Email received saying certificate due to expire on 05 Jun 19 18:14 +0000

phillw · May 16, 2019, 8:19pm

Please fill out the fields below so we can help you better. Note: you must provide your domain name to get help. Domain names for issued certificates are all made public in Certificate Transparency logs (e.g. https://crt.sh/?q=example.com), so withholding your domain name here does not increase secrecy, but only makes it harder for us to provide help.

My domain is: faircam.net

I ran this command: it is a cron job, checked in /var/log/le-renew.log

It produced this output:
The following certs are not due for renewal yet:
/etc/letsencrypt/live/faircam.net/fullchain.pem expires on 2019-08-04 (skipped)
/etc/letsencrypt/live/www.faircam.net/fullchain.pem expires on 2019-08-05 (skipped)
No renewals were attempted.

My web server is (include version): nginx/1.10.3 (Ubuntu)

The operating system my web server runs on is (include version): Ubuntu 16.04.6 LTS

My hosting provider, if applicable, is:

I can login to a root shell on my machine (yes or no, or I don’t know): yes

I’m using a control panel to manage my site (no, or provide the name and version of the control panel): no

The version of my client is (e.g. output of certbot --version or certbot-auto --version if you’re using Certbot): certbot 0.31.0

JuergenAuer · May 16, 2019, 8:36pm

Hi @phillw

your certificate of your wesite has two domain names ( https://check-your-website.server-daten.de/?q=faircam.net ):

CN=faircam.net
	06.05.2019
	04.08.2019
expires in 80 days	faircam.net, www.faircam.net - 2 entries

But you have some active certificates with only one domain name:

CertSpotter-Id	Issuer	not before	not after	Domain names
898989853	CN=Let's Encrypt Authority X3, O=Let's Encrypt, C=US	2019-05-07 13:38:49	2019-08-05 13:38:49	www.faircam.net
1 entries
897685078	CN=Let's Encrypt Authority X3, O=Let's Encrypt, C=US	2019-05-06 20:29:18	2019-08-04 20:29:18	faircam.net, www.faircam.net
2 entries
799890197	CN=Let's Encrypt Authority X3, O=Let's Encrypt, C=US	2019-03-08 12:30:44	2019-06-06 12:30:44	www.faircam.net
1 entries
798690851	CN=Let's Encrypt Authority X3, O=Let's Encrypt, C=US	2019-03-07 19:30:54	2019-06-05 19:30:54	faircam.net, www.faircam.net
2 entries
798619869	CN=Let's Encrypt Authority X3, O=Let's Encrypt, C=US	2019-03-07 18:14:30	2019-06-05 18:14:30	faircam.net
1 entries

So Letsencrypt doesn't know which certificate you use. The certificate with the non-www version isn't renewed -> that's the mail.

Perhaps you should check your configuration to delete certificates with only one domain name.

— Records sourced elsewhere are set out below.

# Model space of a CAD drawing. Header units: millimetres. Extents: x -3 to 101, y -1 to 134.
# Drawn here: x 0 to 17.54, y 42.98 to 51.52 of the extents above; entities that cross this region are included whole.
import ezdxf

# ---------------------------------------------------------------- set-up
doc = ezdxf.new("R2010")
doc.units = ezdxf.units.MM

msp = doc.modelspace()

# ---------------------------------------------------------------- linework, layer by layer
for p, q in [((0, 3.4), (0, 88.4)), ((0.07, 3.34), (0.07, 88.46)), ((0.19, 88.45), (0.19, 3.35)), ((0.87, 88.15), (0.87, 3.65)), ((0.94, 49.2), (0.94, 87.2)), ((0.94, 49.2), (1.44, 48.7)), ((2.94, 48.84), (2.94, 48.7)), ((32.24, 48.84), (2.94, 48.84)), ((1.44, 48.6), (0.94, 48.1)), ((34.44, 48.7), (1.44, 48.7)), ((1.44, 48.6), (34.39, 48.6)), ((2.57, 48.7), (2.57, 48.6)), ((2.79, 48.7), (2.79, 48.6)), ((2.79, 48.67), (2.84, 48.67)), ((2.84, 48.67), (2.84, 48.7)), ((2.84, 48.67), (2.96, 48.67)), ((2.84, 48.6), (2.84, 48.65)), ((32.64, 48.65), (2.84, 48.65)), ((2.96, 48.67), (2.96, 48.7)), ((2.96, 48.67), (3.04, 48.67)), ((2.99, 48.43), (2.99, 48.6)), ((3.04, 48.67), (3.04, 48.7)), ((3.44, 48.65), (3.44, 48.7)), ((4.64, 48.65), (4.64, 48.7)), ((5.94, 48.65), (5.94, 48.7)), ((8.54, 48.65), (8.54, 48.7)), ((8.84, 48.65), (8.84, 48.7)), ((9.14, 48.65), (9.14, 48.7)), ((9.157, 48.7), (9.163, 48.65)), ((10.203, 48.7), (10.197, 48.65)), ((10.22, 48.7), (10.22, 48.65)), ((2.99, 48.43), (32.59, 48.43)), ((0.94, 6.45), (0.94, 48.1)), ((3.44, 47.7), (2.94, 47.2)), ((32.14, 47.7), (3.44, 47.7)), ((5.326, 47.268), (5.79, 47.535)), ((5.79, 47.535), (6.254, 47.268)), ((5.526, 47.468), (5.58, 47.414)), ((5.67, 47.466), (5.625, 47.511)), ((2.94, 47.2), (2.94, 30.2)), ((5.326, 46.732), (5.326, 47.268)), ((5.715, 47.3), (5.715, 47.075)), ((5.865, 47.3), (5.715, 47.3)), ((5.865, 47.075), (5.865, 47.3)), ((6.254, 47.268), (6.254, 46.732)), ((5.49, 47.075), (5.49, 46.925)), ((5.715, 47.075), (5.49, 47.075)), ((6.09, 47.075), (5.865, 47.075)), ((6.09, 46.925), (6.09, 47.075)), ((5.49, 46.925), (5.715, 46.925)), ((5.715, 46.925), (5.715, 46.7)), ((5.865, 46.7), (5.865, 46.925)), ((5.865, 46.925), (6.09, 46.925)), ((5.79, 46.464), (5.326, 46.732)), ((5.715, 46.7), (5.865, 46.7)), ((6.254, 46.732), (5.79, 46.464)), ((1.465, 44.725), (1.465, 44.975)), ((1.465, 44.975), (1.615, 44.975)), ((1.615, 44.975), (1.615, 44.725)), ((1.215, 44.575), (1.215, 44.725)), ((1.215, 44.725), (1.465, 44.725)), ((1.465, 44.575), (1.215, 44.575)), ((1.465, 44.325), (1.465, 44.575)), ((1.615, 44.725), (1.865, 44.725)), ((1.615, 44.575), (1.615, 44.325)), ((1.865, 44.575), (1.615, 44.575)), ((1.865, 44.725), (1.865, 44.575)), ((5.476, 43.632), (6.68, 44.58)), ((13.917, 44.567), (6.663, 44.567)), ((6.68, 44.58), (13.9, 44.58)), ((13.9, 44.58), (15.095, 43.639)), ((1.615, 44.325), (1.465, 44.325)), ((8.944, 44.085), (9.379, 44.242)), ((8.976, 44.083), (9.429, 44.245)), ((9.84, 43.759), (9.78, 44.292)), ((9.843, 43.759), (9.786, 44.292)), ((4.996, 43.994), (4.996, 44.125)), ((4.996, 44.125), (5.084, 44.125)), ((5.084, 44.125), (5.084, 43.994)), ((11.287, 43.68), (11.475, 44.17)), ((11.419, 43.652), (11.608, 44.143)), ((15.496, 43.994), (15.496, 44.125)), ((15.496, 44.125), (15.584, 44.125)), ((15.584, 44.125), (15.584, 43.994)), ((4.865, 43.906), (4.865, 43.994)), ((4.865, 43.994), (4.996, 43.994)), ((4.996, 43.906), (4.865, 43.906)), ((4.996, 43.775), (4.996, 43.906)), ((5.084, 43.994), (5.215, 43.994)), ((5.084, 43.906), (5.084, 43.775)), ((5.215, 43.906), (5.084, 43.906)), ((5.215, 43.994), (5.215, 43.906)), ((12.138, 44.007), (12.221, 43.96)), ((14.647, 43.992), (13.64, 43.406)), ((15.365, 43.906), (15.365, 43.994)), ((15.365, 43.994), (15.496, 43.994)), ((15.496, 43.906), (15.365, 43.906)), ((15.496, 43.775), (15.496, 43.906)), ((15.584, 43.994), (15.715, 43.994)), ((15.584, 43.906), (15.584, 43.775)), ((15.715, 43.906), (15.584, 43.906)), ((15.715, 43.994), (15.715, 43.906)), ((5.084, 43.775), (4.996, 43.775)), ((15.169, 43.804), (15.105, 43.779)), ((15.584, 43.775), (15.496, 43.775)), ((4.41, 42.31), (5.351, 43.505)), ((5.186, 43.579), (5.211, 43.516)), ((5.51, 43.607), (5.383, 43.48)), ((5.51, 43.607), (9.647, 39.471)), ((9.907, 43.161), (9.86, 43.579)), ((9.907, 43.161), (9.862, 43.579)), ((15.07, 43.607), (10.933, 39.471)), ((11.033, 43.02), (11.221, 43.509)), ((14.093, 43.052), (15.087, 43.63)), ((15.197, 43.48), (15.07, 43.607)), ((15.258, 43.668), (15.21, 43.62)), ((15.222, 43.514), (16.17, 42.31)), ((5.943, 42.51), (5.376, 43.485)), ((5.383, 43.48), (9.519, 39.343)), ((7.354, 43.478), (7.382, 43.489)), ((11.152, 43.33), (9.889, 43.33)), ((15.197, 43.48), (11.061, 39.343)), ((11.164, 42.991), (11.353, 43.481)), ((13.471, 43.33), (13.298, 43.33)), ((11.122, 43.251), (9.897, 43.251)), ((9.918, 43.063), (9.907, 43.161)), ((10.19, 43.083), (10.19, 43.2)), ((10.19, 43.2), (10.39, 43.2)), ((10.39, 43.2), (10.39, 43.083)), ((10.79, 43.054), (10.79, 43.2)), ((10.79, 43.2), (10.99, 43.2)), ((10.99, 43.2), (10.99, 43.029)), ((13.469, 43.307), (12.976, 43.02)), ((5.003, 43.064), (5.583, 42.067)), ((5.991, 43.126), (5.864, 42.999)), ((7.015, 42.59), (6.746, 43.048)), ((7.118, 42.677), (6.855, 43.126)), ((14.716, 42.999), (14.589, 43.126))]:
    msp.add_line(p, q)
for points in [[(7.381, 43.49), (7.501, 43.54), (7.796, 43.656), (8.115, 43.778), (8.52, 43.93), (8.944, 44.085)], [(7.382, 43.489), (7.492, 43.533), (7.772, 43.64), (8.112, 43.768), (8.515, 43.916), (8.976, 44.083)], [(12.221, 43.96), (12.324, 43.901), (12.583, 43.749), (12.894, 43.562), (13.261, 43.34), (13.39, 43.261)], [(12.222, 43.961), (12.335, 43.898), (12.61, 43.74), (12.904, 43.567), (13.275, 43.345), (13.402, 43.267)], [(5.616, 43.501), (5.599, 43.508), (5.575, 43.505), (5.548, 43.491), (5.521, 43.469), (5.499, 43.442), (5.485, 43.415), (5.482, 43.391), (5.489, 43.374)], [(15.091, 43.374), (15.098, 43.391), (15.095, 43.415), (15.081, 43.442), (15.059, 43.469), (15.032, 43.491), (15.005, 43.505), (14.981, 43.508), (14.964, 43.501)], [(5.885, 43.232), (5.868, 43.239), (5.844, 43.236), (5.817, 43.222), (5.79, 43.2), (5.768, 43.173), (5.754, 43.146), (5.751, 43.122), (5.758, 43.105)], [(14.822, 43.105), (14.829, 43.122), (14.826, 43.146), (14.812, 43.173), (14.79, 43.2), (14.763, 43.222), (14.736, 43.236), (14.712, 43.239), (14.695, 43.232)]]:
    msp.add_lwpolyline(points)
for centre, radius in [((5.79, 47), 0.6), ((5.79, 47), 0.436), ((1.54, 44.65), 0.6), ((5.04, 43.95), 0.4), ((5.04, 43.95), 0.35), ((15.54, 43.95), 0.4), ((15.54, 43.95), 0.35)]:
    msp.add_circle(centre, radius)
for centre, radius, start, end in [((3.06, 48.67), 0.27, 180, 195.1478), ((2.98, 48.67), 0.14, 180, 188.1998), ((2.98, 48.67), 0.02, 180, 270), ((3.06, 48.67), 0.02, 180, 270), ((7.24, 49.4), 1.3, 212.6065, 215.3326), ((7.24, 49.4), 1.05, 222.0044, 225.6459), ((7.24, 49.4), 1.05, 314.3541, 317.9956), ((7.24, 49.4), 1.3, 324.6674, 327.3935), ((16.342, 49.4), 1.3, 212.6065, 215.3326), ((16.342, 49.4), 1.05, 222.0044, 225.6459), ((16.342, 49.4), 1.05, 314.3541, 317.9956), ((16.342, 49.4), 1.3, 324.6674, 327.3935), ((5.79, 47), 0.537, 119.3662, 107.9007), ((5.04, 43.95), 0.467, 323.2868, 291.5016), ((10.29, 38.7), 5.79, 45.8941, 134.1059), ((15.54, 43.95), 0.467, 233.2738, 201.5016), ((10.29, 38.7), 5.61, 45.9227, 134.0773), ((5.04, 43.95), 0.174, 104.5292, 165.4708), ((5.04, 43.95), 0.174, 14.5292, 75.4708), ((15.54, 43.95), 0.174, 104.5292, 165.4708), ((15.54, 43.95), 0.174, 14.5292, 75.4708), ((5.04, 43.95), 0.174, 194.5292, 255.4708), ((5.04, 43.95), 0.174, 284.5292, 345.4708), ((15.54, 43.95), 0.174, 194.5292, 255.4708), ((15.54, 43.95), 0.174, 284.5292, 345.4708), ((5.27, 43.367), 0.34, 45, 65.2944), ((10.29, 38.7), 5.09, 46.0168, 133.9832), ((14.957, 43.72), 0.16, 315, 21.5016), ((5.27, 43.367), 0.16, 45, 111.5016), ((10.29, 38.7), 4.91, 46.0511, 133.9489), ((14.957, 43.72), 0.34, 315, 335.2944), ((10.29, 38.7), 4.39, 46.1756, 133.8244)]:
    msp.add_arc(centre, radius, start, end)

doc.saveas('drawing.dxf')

phillw · May 17, 2019, 11:45am

Thanks for the answer, the server is ubuntu 16.04 running apache, where would I check for which certificates to remove and what would be the method (other than rm !!).
Thanks
Phill.

JuergenAuer · May 17, 2019, 12:49pm

Use the certbot commands:

certbot certificates

to see the certificates, then

certbot delete [certificatename]

system · June 16, 2019, 12:49pm

This topic was automatically closed 30 days after the last reply. New replies are no longer allowed.